HyRAD - CGRL-QB3-UCBerkeley/seqCapture GitHub Wiki

Introduction:

For projects lacking a reference genome, the original RAD libraries that are used for in-house probe synthesis should be sequenced. Data from these libraries need to be analyzed using a RADseq data analytic pipeline. Mostly importantly, the clustered markers need to be rigorously filtered for redundancy (e.g. using self-blast). Only unique loci should be included in the targeted loci fasta file. For this technique, do not worry about filtering too much. Do worry about filtering not enough.

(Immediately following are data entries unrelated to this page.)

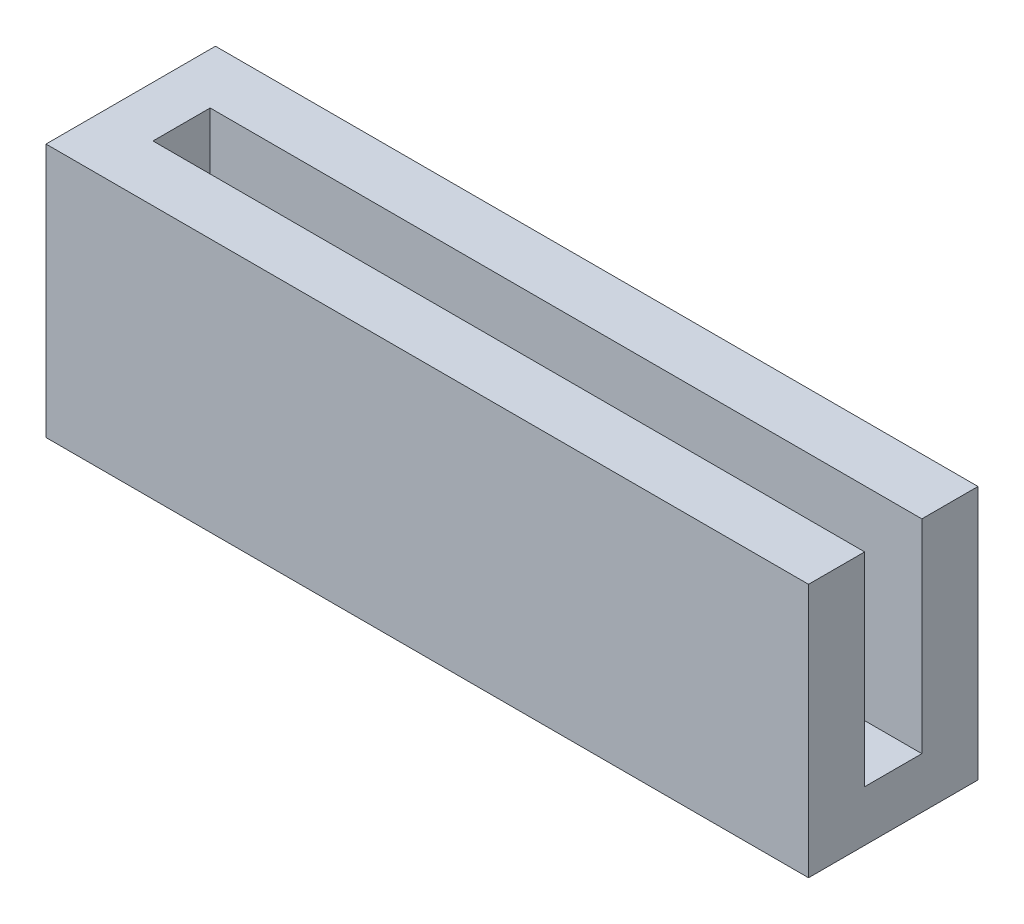
ISO-10303-21;
HEADER;
FILE_DESCRIPTION(('STEP AP214'),'2;1');
FILE_NAME('part.step','',(''),(''),'','','');
FILE_SCHEMA(('AUTOMOTIVE_DESIGN { 1 0 10303 214 1 1 1 1 }'));
ENDSEC;
DATA;
#1=APPLICATION_CONTEXT('core data for automotive mechanical design processes');
#2=APPLICATION_PROTOCOL_DEFINITION('international standard','automotive_design',2000,#1);
#3=PRODUCT_CONTEXT('',#1,'mechanical');
#4=PRODUCT('Part','Part','',(#3));
#5=PRODUCT_RELATED_PRODUCT_CATEGORY('part','',(#4));
#6=PRODUCT_DEFINITION_FORMATION('','',#4);
#7=PRODUCT_DEFINITION_CONTEXT('part definition',#1,'design');
#8=PRODUCT_DEFINITION('design','',#6,#7);
#9=PRODUCT_DEFINITION_SHAPE('','',#8);
#10=(LENGTH_UNIT() NAMED_UNIT(*) SI_UNIT(.MILLI.,.METRE.));
#11=(NAMED_UNIT(*) PLANE_ANGLE_UNIT() SI_UNIT($,.RADIAN.));
#12=(NAMED_UNIT(*) SI_UNIT($,.STERADIAN.) SOLID_ANGLE_UNIT());
#13=UNCERTAINTY_MEASURE_WITH_UNIT(LENGTH_MEASURE(1.E-05),#10,'distance_accuracy_value','');
#14=(GEOMETRIC_REPRESENTATION_CONTEXT(3) GLOBAL_UNCERTAINTY_ASSIGNED_CONTEXT((#13)) GLOBAL_UNIT_ASSIGNED_CONTEXT((#10,
#11,#12)) REPRESENTATION_CONTEXT('',''));
#15=CARTESIAN_POINT('',(0.,0.,0.));
#16=DIRECTION('',(0.,0.,1.));
#17=DIRECTION('',(1.,0.,0.));
#18=AXIS2_PLACEMENT_3D('',#15,#16,#17);
#19=CARTESIAN_POINT('',(0.,0.,5.));
#20=DIRECTION('',(1.,0.,0.));
#21=DIRECTION('',(0.,0.,-1.));
#22=AXIS2_PLACEMENT_3D('',#19,#20,#21);
#23=PLANE('',#22);
#24=DIRECTION('',(0.,-1.,0.));
#25=VECTOR('',#24,1.);
#26=CARTESIAN_POINT('',(0.,0.,-5.));
#27=LINE('',#26,#25);
#28=CARTESIAN_POINT('',(0.,15.,-5.));
#29=VERTEX_POINT('',#28);
#30=CARTESIAN_POINT('',(0.,0.,-5.));
#31=VERTEX_POINT('',#30);
#32=EDGE_CURVE('E158',#29,#31,#27,.T.);
#33=ORIENTED_EDGE('',*,*,#32,.T.);
#34=DIRECTION('',(0.,0.,-1.));
#35=VECTOR('',#34,1.);
#36=CARTESIAN_POINT('',(0.,0.,5.));
#37=LINE('',#36,#35);
#38=CARTESIAN_POINT('',(0.,0.,5.));
#39=VERTEX_POINT('',#38);
#40=EDGE_CURVE('E12',#39,#31,#37,.T.);
#41=ORIENTED_EDGE('',*,*,#40,.F.);
#42=DIRECTION('',(0.,-1.,0.));
#43=VECTOR('',#42,1.);
#44=CARTESIAN_POINT('',(0.,0.,5.));
#45=LINE('',#44,#43);
#46=CARTESIAN_POINT('',(0.,15.,5.));
#47=VERTEX_POINT('',#46);
#48=EDGE_CURVE('E160',#47,#39,#45,.T.);
#49=ORIENTED_EDGE('',*,*,#48,.F.);
#50=DIRECTION('',(0.,0.,-1.));
#51=VECTOR('',#50,1.);
#52=CARTESIAN_POINT('',(0.,15.,5.));
#53=LINE('',#52,#51);
#54=EDGE_CURVE('E170',#47,#29,#53,.T.);
#55=ORIENTED_EDGE('',*,*,#54,.T.);
#56=EDGE_LOOP('',(#33,#41,#49,#55));
#57=FACE_BOUND('',#56,.T.);
#58=ADVANCED_FACE('F47',(#57),#23,.F.);
#59=CARTESIAN_POINT('',(0.,0.,5.));
#60=DIRECTION('',(0.,1.,0.));
#61=DIRECTION('',(0.,0.,1.));
#62=AXIS2_PLACEMENT_3D('',#59,#60,#61);
#63=PLANE('',#62);
#64=DIRECTION('',(1.,0.,0.));
#65=VECTOR('',#64,1.);
#66=CARTESIAN_POINT('',(0.,0.,-5.));
#67=LINE('',#66,#65);
#68=CARTESIAN_POINT('',(45.,0.,-5.));
#69=VERTEX_POINT('',#68);
#70=EDGE_CURVE('E174',#31,#69,#67,.T.);
#71=ORIENTED_EDGE('',*,*,#70,.T.);
#72=DIRECTION('',(0.,0.,-1.));
#73=VECTOR('',#72,1.);
#74=CARTESIAN_POINT('',(45.,0.,5.));
#75=LINE('',#74,#73);
#76=CARTESIAN_POINT('',(45.,0.,5.));
#77=VERTEX_POINT('',#76);
#78=EDGE_CURVE('E55',#77,#69,#75,.T.);
#79=ORIENTED_EDGE('',*,*,#78,.F.);
#80=DIRECTION('',(1.,0.,0.));
#81=VECTOR('',#80,1.);
#82=CARTESIAN_POINT('',(0.,0.,5.));
#83=LINE('',#82,#81);
#84=EDGE_CURVE('E98',#39,#77,#83,.T.);
#85=ORIENTED_EDGE('',*,*,#84,.F.);
#86=ORIENTED_EDGE('',*,*,#40,.T.);
#87=EDGE_LOOP('',(#71,#79,#85,#86));
#88=FACE_BOUND('',#87,.T.);
#89=ADVANCED_FACE('F223',(#88),#63,.F.);
#90=CARTESIAN_POINT('',(45.,0.,5.));
#91=DIRECTION('',(-1.,0.,0.));
#92=DIRECTION('',(0.,0.,1.));
#93=AXIS2_PLACEMENT_3D('',#90,#91,#92);
#94=PLANE('',#93);
#95=DIRECTION('',(0.,0.,1.));
#96=VECTOR('',#95,1.);
#97=CARTESIAN_POINT('',(45.,3.,1.6875));
#98=LINE('',#97,#96);
#99=CARTESIAN_POINT('',(45.,3.,-1.6875));
#100=VERTEX_POINT('',#99);
#101=CARTESIAN_POINT('',(45.,3.,1.6875));
#102=VERTEX_POINT('',#101);
#103=EDGE_CURVE('E159',#100,#102,#98,.T.);
#104=ORIENTED_EDGE('',*,*,#103,.T.);
#105=DIRECTION('',(0.,1.,0.));
#106=VECTOR('',#105,1.);
#107=CARTESIAN_POINT('',(45.,-42.1353844767079,1.6875));
#108=LINE('',#107,#106);
#109=CARTESIAN_POINT('',(45.,15.,1.6875));
#110=VERTEX_POINT('',#109);
#111=EDGE_CURVE('E147',#102,#110,#108,.T.);
#112=ORIENTED_EDGE('',*,*,#111,.T.);
#113=DIRECTION('',(0.,0.,-1.));
#114=VECTOR('',#113,1.);
#115=CARTESIAN_POINT('',(45.,15.,5.));
#116=LINE('',#115,#114);
#117=CARTESIAN_POINT('',(45.,15.,5.));
#118=VERTEX_POINT('',#117);
#119=EDGE_CURVE('E186',#118,#110,#116,.T.);
#120=ORIENTED_EDGE('',*,*,#119,.F.);
#121=DIRECTION('',(0.,1.,0.));
#122=VECTOR('',#121,1.);
#123=CARTESIAN_POINT('',(45.,0.,5.));
#124=LINE('',#123,#122);
#125=EDGE_CURVE('E165',#77,#118,#124,.T.);
#126=ORIENTED_EDGE('',*,*,#125,.F.);
#127=ORIENTED_EDGE('',*,*,#78,.T.);
#128=DIRECTION('',(0.,1.,0.));
#129=VECTOR('',#128,1.);
#130=CARTESIAN_POINT('',(45.,0.,-5.));
#131=LINE('',#130,#129);
#132=CARTESIAN_POINT('',(45.,15.,-5.));
#133=VERTEX_POINT('',#132);
#134=EDGE_CURVE('E177',#69,#133,#131,.T.);
#135=ORIENTED_EDGE('',*,*,#134,.T.);
#136=CARTESIAN_POINT('',(45.,15.,-1.6875));
#137=VERTEX_POINT('',#136);
#138=EDGE_CURVE('E185',#137,#133,#116,.T.);
#139=ORIENTED_EDGE('',*,*,#138,.F.);
#140=DIRECTION('',(0.,1.,0.));
#141=VECTOR('',#140,1.);
#142=CARTESIAN_POINT('',(45.,-42.1353844767079,-1.6875));
#143=LINE('',#142,#141);
#144=EDGE_CURVE('E62',#100,#137,#143,.T.);
#145=ORIENTED_EDGE('',*,*,#144,.F.);
#146=EDGE_LOOP('',(#104,#112,#120,#126,#127,#135,#139,#145));
#147=FACE_BOUND('',#146,.T.);
#148=ADVANCED_FACE('F194',(#147),#94,.F.);
#149=CARTESIAN_POINT('',(0.,15.,5.));
#150=DIRECTION('',(0.,-1.,0.));
#151=DIRECTION('',(0.,0.,-1.));
#152=AXIS2_PLACEMENT_3D('',#149,#150,#151);
#153=PLANE('',#152);
#154=ORIENTED_EDGE('',*,*,#119,.T.);
#155=DIRECTION('',(1.,0.,0.));
#156=VECTOR('',#155,1.);
#157=CARTESIAN_POINT('',(3.,15.,1.6875));
#158=LINE('',#157,#156);
#159=CARTESIAN_POINT('',(3.,15.,1.6875));
#160=VERTEX_POINT('',#159);
#161=EDGE_CURVE('E140',#160,#110,#158,.T.);
#162=ORIENTED_EDGE('',*,*,#161,.F.);
#163=DIRECTION('',(0.,0.,1.));
#164=VECTOR('',#163,1.);
#165=CARTESIAN_POINT('',(3.,15.,1.6875));
#166=LINE('',#165,#164);
#167=CARTESIAN_POINT('',(3.,15.,-1.6875));
#168=VERTEX_POINT('',#167);
#169=EDGE_CURVE('E125',#168,#160,#166,.T.);
#170=ORIENTED_EDGE('',*,*,#169,.F.);
#171=DIRECTION('',(-1.,0.,0.));
#172=VECTOR('',#171,1.);
#173=CARTESIAN_POINT('',(3.,15.,-1.6875));
#174=LINE('',#173,#172);
#175=EDGE_CURVE('E133',#137,#168,#174,.T.);
#176=ORIENTED_EDGE('',*,*,#175,.F.);
#177=ORIENTED_EDGE('',*,*,#138,.T.);
#178=DIRECTION('',(-1.,0.,0.));
#179=VECTOR('',#178,1.);
#180=CARTESIAN_POINT('',(0.,15.,-5.));
#181=LINE('',#180,#179);
#182=EDGE_CURVE('E91',#133,#29,#181,.T.);
#183=ORIENTED_EDGE('',*,*,#182,.T.);
#184=ORIENTED_EDGE('',*,*,#54,.F.);
#185=DIRECTION('',(-1.,0.,0.));
#186=VECTOR('',#185,1.);
#187=CARTESIAN_POINT('',(0.,15.,5.));
#188=LINE('',#187,#186);
#189=EDGE_CURVE('E71',#118,#47,#188,.T.);
#190=ORIENTED_EDGE('',*,*,#189,.F.);
#191=EDGE_LOOP('',(#154,#162,#170,#176,#177,#183,#184,#190));
#192=FACE_BOUND('',#191,.T.);
#193=ADVANCED_FACE('F139',(#192),#153,.F.);
#194=CARTESIAN_POINT('',(0.,0.,5.));
#195=DIRECTION('',(0.,0.,-1.));
#196=DIRECTION('',(-1.,0.,0.));
#197=AXIS2_PLACEMENT_3D('',#194,#195,#196);
#198=PLANE('',#197);
#199=ORIENTED_EDGE('',*,*,#48,.T.);
#200=ORIENTED_EDGE('',*,*,#84,.T.);
#201=ORIENTED_EDGE('',*,*,#125,.T.);
#202=ORIENTED_EDGE('',*,*,#189,.T.);
#203=EDGE_LOOP('',(#199,#200,#201,#202));
#204=FACE_BOUND('',#203,.T.);
#205=ADVANCED_FACE('F235',(#204),#198,.F.);
#206=CARTESIAN_POINT('',(0.,0.,-5.));
#207=DIRECTION('',(0.,0.,-1.));
#208=DIRECTION('',(-1.,0.,0.));
#209=AXIS2_PLACEMENT_3D('',#206,#207,#208);
#210=PLANE('',#209);
#211=ORIENTED_EDGE('',*,*,#32,.F.);
#212=ORIENTED_EDGE('',*,*,#182,.F.);
#213=ORIENTED_EDGE('',*,*,#134,.F.);
#214=ORIENTED_EDGE('',*,*,#70,.F.);
#215=EDGE_LOOP('',(#211,#212,#213,#214));
#216=FACE_BOUND('',#215,.T.);
#217=ADVANCED_FACE('F198',(#216),#210,.T.);
#218=CARTESIAN_POINT('',(3.,-42.1353844767079,1.6875));
#219=DIRECTION('',(0.,0.,1.));
#220=DIRECTION('',(1.,0.,0.));
#221=AXIS2_PLACEMENT_3D('',#218,#219,#220);
#222=PLANE('',#221);
#223=DIRECTION('',(-1.,0.,0.));
#224=VECTOR('',#223,1.);
#225=CARTESIAN_POINT('',(3.,3.,1.6875));
#226=LINE('',#225,#224);
#227=CARTESIAN_POINT('',(3.,3.,1.6875));
#228=VERTEX_POINT('',#227);
#229=EDGE_CURVE('E206',#102,#228,#226,.T.);
#230=ORIENTED_EDGE('',*,*,#229,.T.);
#231=DIRECTION('',(0.,1.,0.));
#232=VECTOR('',#231,1.);
#233=CARTESIAN_POINT('',(3.,-42.1353844767079,1.6875));
#234=LINE('',#233,#232);
#235=EDGE_CURVE('E131',#228,#160,#234,.T.);
#236=ORIENTED_EDGE('',*,*,#235,.T.);
#237=ORIENTED_EDGE('',*,*,#161,.T.);
#238=ORIENTED_EDGE('',*,*,#111,.F.);
#239=EDGE_LOOP('',(#230,#236,#237,#238));
#240=FACE_BOUND('',#239,.T.);
#241=ADVANCED_FACE('F205',(#240),#222,.F.);
#242=CARTESIAN_POINT('',(3.,-42.1353844767079,1.6875));
#243=DIRECTION('',(-1.,0.,0.));
#244=DIRECTION('',(0.,0.,1.));
#245=AXIS2_PLACEMENT_3D('',#242,#243,#244);
#246=PLANE('',#245);
#247=DIRECTION('',(0.,0.,-1.));
#248=VECTOR('',#247,1.);
#249=CARTESIAN_POINT('',(3.,3.,1.6875));
#250=LINE('',#249,#248);
#251=CARTESIAN_POINT('',(3.,3.,-1.6875));
#252=VERTEX_POINT('',#251);
#253=EDGE_CURVE('E128',#228,#252,#250,.T.);
#254=ORIENTED_EDGE('',*,*,#253,.T.);
#255=DIRECTION('',(0.,1.,0.));
#256=VECTOR('',#255,1.);
#257=CARTESIAN_POINT('',(3.,-42.1353844767079,-1.6875));
#258=LINE('',#257,#256);
#259=EDGE_CURVE('E121',#252,#168,#258,.T.);
#260=ORIENTED_EDGE('',*,*,#259,.T.);
#261=ORIENTED_EDGE('',*,*,#169,.T.);
#262=ORIENTED_EDGE('',*,*,#235,.F.);
#263=EDGE_LOOP('',(#254,#260,#261,#262));
#264=FACE_BOUND('',#263,.T.);
#265=ADVANCED_FACE('F122',(#264),#246,.F.);
#266=CARTESIAN_POINT('',(3.,-42.1353844767079,-1.6875));
#267=DIRECTION('',(0.,0.,-1.));
#268=DIRECTION('',(-1.,0.,0.));
#269=AXIS2_PLACEMENT_3D('',#266,#267,#268);
#270=PLANE('',#269);
#271=DIRECTION('',(1.,0.,0.));
#272=VECTOR('',#271,1.);
#273=CARTESIAN_POINT('',(3.,3.,-1.6875));
#274=LINE('',#273,#272);
#275=EDGE_CURVE('E155',#252,#100,#274,.T.);
#276=ORIENTED_EDGE('',*,*,#275,.T.);
#277=ORIENTED_EDGE('',*,*,#144,.T.);
#278=ORIENTED_EDGE('',*,*,#175,.T.);
#279=ORIENTED_EDGE('',*,*,#259,.F.);
#280=EDGE_LOOP('',(#276,#277,#278,#279));
#281=FACE_BOUND('',#280,.T.);
#282=ADVANCED_FACE('F134',(#281),#270,.F.);
#283=CARTESIAN_POINT('',(0.,3.,5.));
#284=DIRECTION('',(0.,1.,0.));
#285=DIRECTION('',(0.,0.,1.));
#286=AXIS2_PLACEMENT_3D('',#283,#284,#285);
#287=PLANE('',#286);
#288=ORIENTED_EDGE('',*,*,#103,.F.);
#289=ORIENTED_EDGE('',*,*,#275,.F.);
#290=ORIENTED_EDGE('',*,*,#253,.F.);
#291=ORIENTED_EDGE('',*,*,#229,.F.);
#292=EDGE_LOOP('',(#288,#289,#290,#291));
#293=FACE_BOUND('',#292,.T.);
#294=ADVANCED_FACE('F210',(#293),#287,.T.);
#295=CLOSED_SHELL('',(#58,#89,#148,#193,#205,#217,#241,#265,#282,#294));
#296=MANIFOLD_SOLID_BREP('B2',#295);
#297=ADVANCED_BREP_SHAPE_REPRESENTATION('',(#18,#296),#14);
#298=SHAPE_DEFINITION_REPRESENTATION(#9,#297);
ENDSEC;
END-ISO-10303-21;

Prepare input for the run:

A folder with raw assemblies for each sample. For example in this case we have all raw assemblies present in "raw_assemblies_dir":

(seqCapture) $ ls raw_assemblies_dir/ Sample1.fasta Sample2.fasta ....... SampleN.fasta
Targeted loci in multi-fasta format (for example "HyRAD_markers.fa"). See Introduction for more details

Usage examples:

Assuming random markers (UCE in this category -e 4 ); In each individual raw assembly, eliminating any contigs shorter then 150bp (-L 150); only considering a match if a contig and a targeted locus shared at 80% sequencing similarity (-p 80); 20% overlap is allowed between adjoining assembled contigs mapping to the same target and if more than that, one of them (usually the shorted one) is trimmed off (-d 20); retaining 500bp+/- flanking regions around each targeted locus in the resulting bed file (-f 500); using 20 threads in blast search and cd-hit-est clustering (-T 20).

(seqCapture) $ seqCapture intarget -t HyRAD_markers.fa -t /path/to/raw_assemblies_dir -L 150 -p 80 -d 20 -T 20 -e 4 -f 500

Output:

A diretory named "In_target" is created in "raw_assemblies_dir". And under "In_target" two subdirectories are created: "bed/" and "fasta/"

In diretory "fasta/", in-target assemblies in fasta format are available for each sample:

(seqCapture) $ ls fasta/
Sample1_targetedRegionAndFlanking.fasta
Sample2_targetedRegionAndFlanking.fasta
......
SampleN_targetedRegionAndFlanking.fasta

The contigs in XXX_targetedRegionAndFlanking.fasta are simply named as "Contig1", "Contig2"... "ContigN". If you want to link these names back to those in the original target ("HyRAD_markers.fa"), you can go to this file "HyRAD_markers.fa_rename_compared.txt" which can be found in the same diretory where "HyRAD_markers.fa" is located. But, how the original targeted loci are named does not seem to be very important.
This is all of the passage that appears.